Mitigating Domain Dependency for Improved Speech Enhancement via SNR Loss Boosting
Lili Yin ( Xinjiang University); Di Wu (Xinjiangdaxue); Zhibin Qiu (XinJiang University); Hao Huang (Xinjiang University)
-
SPS
IEEE Members: $11.00
Non-members: $15.00
Current supervised speech enhancement methods based on deep learning typically utilize amplitude-based loss functions for optimization, such as Mean Absolute Error (MAE) or Mean Square Error (MSE) loss, which measures the difference between the amplitudes of the estimated and clean speech signals. However, models trained with these losses heavily depend on specific domain properties, i.e. speaker, noise type, and signal-to-noise ratio (SNR).
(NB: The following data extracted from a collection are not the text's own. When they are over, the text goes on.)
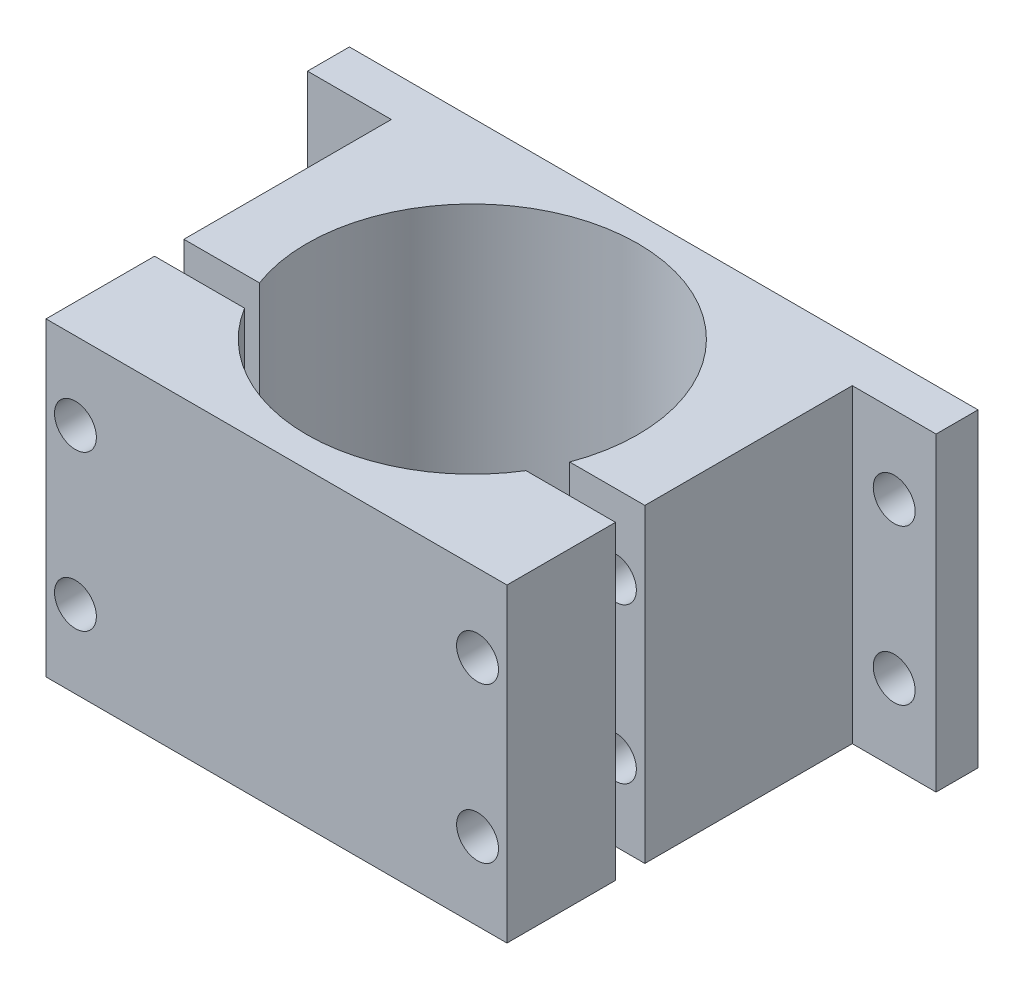
ISO-10303-21;
HEADER;
FILE_DESCRIPTION(('STEP AP214'),'2;1');
FILE_NAME('part.step','',(''),(''),'','','');
FILE_SCHEMA(('AUTOMOTIVE_DESIGN { 1 0 10303 214 1 1 1 1 }'));
ENDSEC;
DATA;
#1=APPLICATION_CONTEXT('core data for automotive mechanical design processes');
#2=APPLICATION_PROTOCOL_DEFINITION('international standard','automotive_design',2000,#1);
#3=PRODUCT_CONTEXT('',#1,'mechanical');
#4=PRODUCT('Part','Part','',(#3));
#5=PRODUCT_RELATED_PRODUCT_CATEGORY('part','',(#4));
#6=PRODUCT_DEFINITION_FORMATION('','',#4);
#7=PRODUCT_DEFINITION_CONTEXT('part definition',#1,'design');
#8=PRODUCT_DEFINITION('design','',#6,#7);
#9=PRODUCT_DEFINITION_SHAPE('','',#8);
#10=(LENGTH_UNIT() NAMED_UNIT(*) SI_UNIT(.MILLI.,.METRE.));
#11=(NAMED_UNIT(*) PLANE_ANGLE_UNIT() SI_UNIT($,.RADIAN.));
#12=(NAMED_UNIT(*) SI_UNIT($,.STERADIAN.) SOLID_ANGLE_UNIT());
#13=UNCERTAINTY_MEASURE_WITH_UNIT(LENGTH_MEASURE(1.E-05),#10,'distance_accuracy_value','');
#14=(GEOMETRIC_REPRESENTATION_CONTEXT(3) GLOBAL_UNCERTAINTY_ASSIGNED_CONTEXT((#13)) GLOBAL_UNIT_ASSIGNED_CONTEXT((#10,
#11,#12)) REPRESENTATION_CONTEXT('',''));
#15=CARTESIAN_POINT('',(0.,0.,0.));
#16=DIRECTION('',(0.,0.,1.));
#17=DIRECTION('',(1.,0.,0.));
#18=AXIS2_PLACEMENT_3D('',#15,#16,#17);
#19=CARTESIAN_POINT('',(0.,0.,5.));
#20=DIRECTION('',(0.,0.,-1.));
#21=DIRECTION('',(-1.,0.,0.));
#22=AXIS2_PLACEMENT_3D('',#19,#20,#21);
#23=PLANE('',#22);
#24=DIRECTION('',(0.,-1.,0.));
#25=VECTOR('',#24,1.);
#26=CARTESIAN_POINT('',(-27.5,18.5,5.));
#27=LINE('',#26,#25);
#28=CARTESIAN_POINT('',(-27.5,18.5,5.));
#29=VERTEX_POINT('',#28);
#30=CARTESIAN_POINT('',(-27.5,-18.5,5.));
#31=VERTEX_POINT('',#30);
#32=EDGE_CURVE('E174',#29,#31,#27,.T.);
#33=ORIENTED_EDGE('',*,*,#32,.F.);
#34=DIRECTION('',(-1.,0.,0.));
#35=VECTOR('',#34,1.);
#36=CARTESIAN_POINT('',(-37.5,18.5,5.));
#37=LINE('',#36,#35);
#38=CARTESIAN_POINT('',(-37.5,18.5,5.));
#39=VERTEX_POINT('',#38);
#40=EDGE_CURVE('E296',#29,#39,#37,.T.);
#41=ORIENTED_EDGE('',*,*,#40,.T.);
#42=DIRECTION('',(0.,-1.,0.));
#43=VECTOR('',#42,1.);
#44=CARTESIAN_POINT('',(-37.5,-18.5,5.));
#45=LINE('',#44,#43);
#46=CARTESIAN_POINT('',(-37.5,-18.5,5.));
#47=VERTEX_POINT('',#46);
#48=EDGE_CURVE('E278',#39,#47,#45,.T.);
#49=ORIENTED_EDGE('',*,*,#48,.T.);
#50=DIRECTION('',(1.,0.,0.));
#51=VECTOR('',#50,1.);
#52=CARTESIAN_POINT('',(-37.5,-18.5,5.));
#53=LINE('',#52,#51);
#54=EDGE_CURVE('E275',#47,#31,#53,.T.);
#55=ORIENTED_EDGE('',*,*,#54,.T.);
#56=EDGE_LOOP('',(#33,#41,#49,#55));
#57=FACE_BOUND('',#56,.T.);
#58=CARTESIAN_POINT('',(-32.5,-9.24999999999999,5.));
#59=DIRECTION('',(0.,0.,-1.));
#60=DIRECTION('',(-1.,0.,0.));
#61=AXIS2_PLACEMENT_3D('',#58,#59,#60);
#62=CIRCLE('',#61,2.50000000000002);
#63=CARTESIAN_POINT('',(-35.,-9.24999999999999,5.));
#64=VERTEX_POINT('',#63);
#65=EDGE_CURVE('E343',#64,#64,#62,.T.);
#66=ORIENTED_EDGE('',*,*,#65,.T.);
#67=EDGE_LOOP('',(#66));
#68=FACE_BOUND('',#67,.T.);
#69=CARTESIAN_POINT('',(-32.5,9.25000000000001,5.));
#70=DIRECTION('',(0.,0.,1.));
#71=DIRECTION('',(1.,0.,0.));
#72=AXIS2_PLACEMENT_3D('',#69,#70,#71);
#73=CIRCLE('',#72,2.50000000000002);
#74=CARTESIAN_POINT('',(-30.,9.25000000000001,5.));
#75=VERTEX_POINT('',#74);
#76=EDGE_CURVE('E351',#75,#75,#73,.T.);
#77=ORIENTED_EDGE('',*,*,#76,.F.);
#78=EDGE_LOOP('',(#77));
#79=FACE_BOUND('',#78,.T.);
#80=ADVANCED_FACE('F53',(#57,#68,#79),#23,.F.);
#81=DIRECTION('',(0.,1.,0.));
#82=VECTOR('',#81,1.);
#83=CARTESIAN_POINT('',(27.5,-18.5,5.));
#84=LINE('',#83,#82);
#85=CARTESIAN_POINT('',(27.5,-18.5,5.));
#86=VERTEX_POINT('',#85);
#87=CARTESIAN_POINT('',(27.5,18.5,5.));
#88=VERTEX_POINT('',#87);
#89=EDGE_CURVE('E178',#86,#88,#84,.T.);
#90=ORIENTED_EDGE('',*,*,#89,.F.);
#91=CARTESIAN_POINT('',(37.5,-18.5,5.));
#92=VERTEX_POINT('',#91);
#93=EDGE_CURVE('E154',#86,#92,#53,.T.);
#94=ORIENTED_EDGE('',*,*,#93,.T.);
#95=DIRECTION('',(0.,1.,0.));
#96=VECTOR('',#95,1.);
#97=CARTESIAN_POINT('',(37.5,-18.5,5.));
#98=LINE('',#97,#96);
#99=CARTESIAN_POINT('',(37.5,18.5,5.));
#100=VERTEX_POINT('',#99);
#101=EDGE_CURVE('E297',#92,#100,#98,.T.);
#102=ORIENTED_EDGE('',*,*,#101,.T.);
#103=EDGE_CURVE('E292',#100,#88,#37,.T.);
#104=ORIENTED_EDGE('',*,*,#103,.T.);
#105=EDGE_LOOP('',(#90,#94,#102,#104));
#106=FACE_BOUND('',#105,.T.);
#107=CARTESIAN_POINT('',(32.5,9.25,5.));
#108=DIRECTION('',(0.,0.,-1.));
#109=DIRECTION('',(-1.,0.,0.));
#110=AXIS2_PLACEMENT_3D('',#107,#108,#109);
#111=CIRCLE('',#110,2.5);
#112=CARTESIAN_POINT('',(30.,9.25,5.));
#113=VERTEX_POINT('',#112);
#114=EDGE_CURVE('E338',#113,#113,#111,.T.);
#115=ORIENTED_EDGE('',*,*,#114,.T.);
#116=EDGE_LOOP('',(#115));
#117=FACE_BOUND('',#116,.T.);
#118=CARTESIAN_POINT('',(32.5,-9.25,5.));
#119=DIRECTION('',(0.,0.,1.));
#120=DIRECTION('',(1.,0.,0.));
#121=AXIS2_PLACEMENT_3D('',#118,#119,#120);
#122=CIRCLE('',#121,2.5);
#123=CARTESIAN_POINT('',(35.,-9.25,5.));
#124=VERTEX_POINT('',#123);
#125=EDGE_CURVE('E334',#124,#124,#122,.T.);
#126=ORIENTED_EDGE('',*,*,#125,.F.);
#127=EDGE_LOOP('',(#126));
#128=FACE_BOUND('',#127,.T.);
#129=ADVANCED_FACE('F215',(#106,#117,#128),#23,.F.);
#130=CARTESIAN_POINT('',(0.,0.,0.));
#131=DIRECTION('',(0.,0.,-1.));
#132=DIRECTION('',(-1.,0.,0.));
#133=AXIS2_PLACEMENT_3D('',#130,#131,#132);
#134=PLANE('',#133);
#135=CARTESIAN_POINT('',(-32.5,-9.24999999999999,0.));
#136=DIRECTION('',(0.,0.,-1.));
#137=DIRECTION('',(-1.,0.,0.));
#138=AXIS2_PLACEMENT_3D('',#135,#136,#137);
#139=CIRCLE('',#138,2.50000000000002);
#140=CARTESIAN_POINT('',(-35.,-9.24999999999999,0.));
#141=VERTEX_POINT('',#140);
#142=EDGE_CURVE('E347',#141,#141,#139,.T.);
#143=ORIENTED_EDGE('',*,*,#142,.F.);
#144=EDGE_LOOP('',(#143));
#145=FACE_BOUND('',#144,.T.);
#146=CARTESIAN_POINT('',(32.5,9.25,0.));
#147=DIRECTION('',(0.,0.,-1.));
#148=DIRECTION('',(-1.,0.,0.));
#149=AXIS2_PLACEMENT_3D('',#146,#147,#148);
#150=CIRCLE('',#149,2.5);
#151=CARTESIAN_POINT('',(30.,9.25,0.));
#152=VERTEX_POINT('',#151);
#153=EDGE_CURVE('E358',#152,#152,#150,.T.);
#154=ORIENTED_EDGE('',*,*,#153,.F.);
#155=EDGE_LOOP('',(#154));
#156=FACE_BOUND('',#155,.T.);
#157=DIRECTION('',(0.,1.,0.));
#158=VECTOR('',#157,1.);
#159=CARTESIAN_POINT('',(37.5,-18.5,0.));
#160=LINE('',#159,#158);
#161=CARTESIAN_POINT('',(37.5,-18.5,0.));
#162=VERTEX_POINT('',#161);
#163=CARTESIAN_POINT('',(37.5,18.5,0.));
#164=VERTEX_POINT('',#163);
#165=EDGE_CURVE('E156',#162,#164,#160,.T.);
#166=ORIENTED_EDGE('',*,*,#165,.F.);
#167=DIRECTION('',(1.,0.,0.));
#168=VECTOR('',#167,1.);
#169=CARTESIAN_POINT('',(-37.5,-18.5,0.));
#170=LINE('',#169,#168);
#171=CARTESIAN_POINT('',(-37.5,-18.5,0.));
#172=VERTEX_POINT('',#171);
#173=EDGE_CURVE('E300',#172,#162,#170,.T.);
#174=ORIENTED_EDGE('',*,*,#173,.F.);
#175=DIRECTION('',(0.,-1.,0.));
#176=VECTOR('',#175,1.);
#177=CARTESIAN_POINT('',(-37.5,-18.5,0.));
#178=LINE('',#177,#176);
#179=CARTESIAN_POINT('',(-37.5,18.5,0.));
#180=VERTEX_POINT('',#179);
#181=EDGE_CURVE('E375',#180,#172,#178,.T.);
#182=ORIENTED_EDGE('',*,*,#181,.F.);
#183=DIRECTION('',(-1.,0.,0.));
#184=VECTOR('',#183,1.);
#185=CARTESIAN_POINT('',(-37.5,18.5,0.));
#186=LINE('',#185,#184);
#187=EDGE_CURVE('E163',#164,#180,#186,.T.);
#188=ORIENTED_EDGE('',*,*,#187,.F.);
#189=EDGE_LOOP('',(#166,#174,#182,#188));
#190=FACE_BOUND('',#189,.T.);
#191=CARTESIAN_POINT('',(32.5,-9.25,0.));
#192=DIRECTION('',(0.,0.,1.));
#193=DIRECTION('',(1.,0.,0.));
#194=AXIS2_PLACEMENT_3D('',#191,#192,#193);
#195=CIRCLE('',#194,2.5);
#196=CARTESIAN_POINT('',(35.,-9.25,0.));
#197=VERTEX_POINT('',#196);
#198=EDGE_CURVE('E339',#197,#197,#195,.T.);
#199=ORIENTED_EDGE('',*,*,#198,.T.);
#200=EDGE_LOOP('',(#199));
#201=FACE_BOUND('',#200,.T.);
#202=CARTESIAN_POINT('',(-32.5,9.25000000000001,0.));
#203=DIRECTION('',(0.,0.,1.));
#204=DIRECTION('',(1.,0.,0.));
#205=AXIS2_PLACEMENT_3D('',#202,#203,#204);
#206=CIRCLE('',#205,2.50000000000002);
#207=CARTESIAN_POINT('',(-30.,9.25000000000001,0.));
#208=VERTEX_POINT('',#207);
#209=EDGE_CURVE('E333',#208,#208,#206,.T.);
#210=ORIENTED_EDGE('',*,*,#209,.T.);
#211=EDGE_LOOP('',(#210));
#212=FACE_BOUND('',#211,.T.);
#213=ADVANCED_FACE('F221',(#145,#156,#190,#201,#212),#134,.T.);
#214=CARTESIAN_POINT('',(-37.5,18.5,5.));
#215=DIRECTION('',(0.,-1.,0.));
#216=DIRECTION('',(0.,0.,-1.));
#217=AXIS2_PLACEMENT_3D('',#214,#215,#216);
#218=PLANE('',#217);
#219=DIRECTION('',(0.,0.,-1.));
#220=VECTOR('',#219,1.);
#221=CARTESIAN_POINT('',(-27.5,18.5,46.2));
#222=LINE('',#221,#220);
#223=CARTESIAN_POINT('',(-27.5,18.5,29.7481346849605));
#224=VERTEX_POINT('',#223);
#225=EDGE_CURVE('E160',#224,#29,#222,.T.);
#226=ORIENTED_EDGE('',*,*,#225,.F.);
#227=DIRECTION('',(-1.,0.,0.));
#228=VECTOR('',#227,1.);
#229=CARTESIAN_POINT('',(-27.5,18.5,29.7481346849605));
#230=LINE('',#229,#228);
#231=CARTESIAN_POINT('',(-18.4844653821485,18.5,29.7481346849605));
#232=VERTEX_POINT('',#231);
#233=EDGE_CURVE('E310',#232,#224,#230,.T.);
#234=ORIENTED_EDGE('',*,*,#233,.F.);
#235=CARTESIAN_POINT('',(0.02356834465743,18.5,22.8550085750294));
#236=DIRECTION('',(0.,1.,0.));
#237=DIRECTION('',(0.,0.,1.));
#238=AXIS2_PLACEMENT_3D('',#235,#236,#237);
#239=CIRCLE('',#238,19.75);
#240=CARTESIAN_POINT('',(18.5316020714634,18.5,29.7481346849605));
#241=VERTEX_POINT('',#240);
#242=EDGE_CURVE('E177',#241,#232,#239,.T.);
#243=ORIENTED_EDGE('',*,*,#242,.F.);
#244=CARTESIAN_POINT('',(27.5,18.5,29.7481346849605));
#245=VERTEX_POINT('',#244);
#246=EDGE_CURVE('E79',#245,#241,#230,.T.);
#247=ORIENTED_EDGE('',*,*,#246,.F.);
#248=DIRECTION('',(0.,0.,-1.));
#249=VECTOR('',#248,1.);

In this paper, we first validate this assumption by visually analyzing the model's internal representation, and these dependencies result in severe performance degradation in unseen situations. Given that the SNR is irrelevant to speakers and noise types, we propose a simple but effective novel objective function by minimizing the discrepancy between indirectly estimated SNR and true SNR over time-frequency units to alleviate the model's reliance on those domain properties. Experimental results demonstrate that our proposed method outperforms other prevalent loss functions in terms of both performance gain and generalization capability.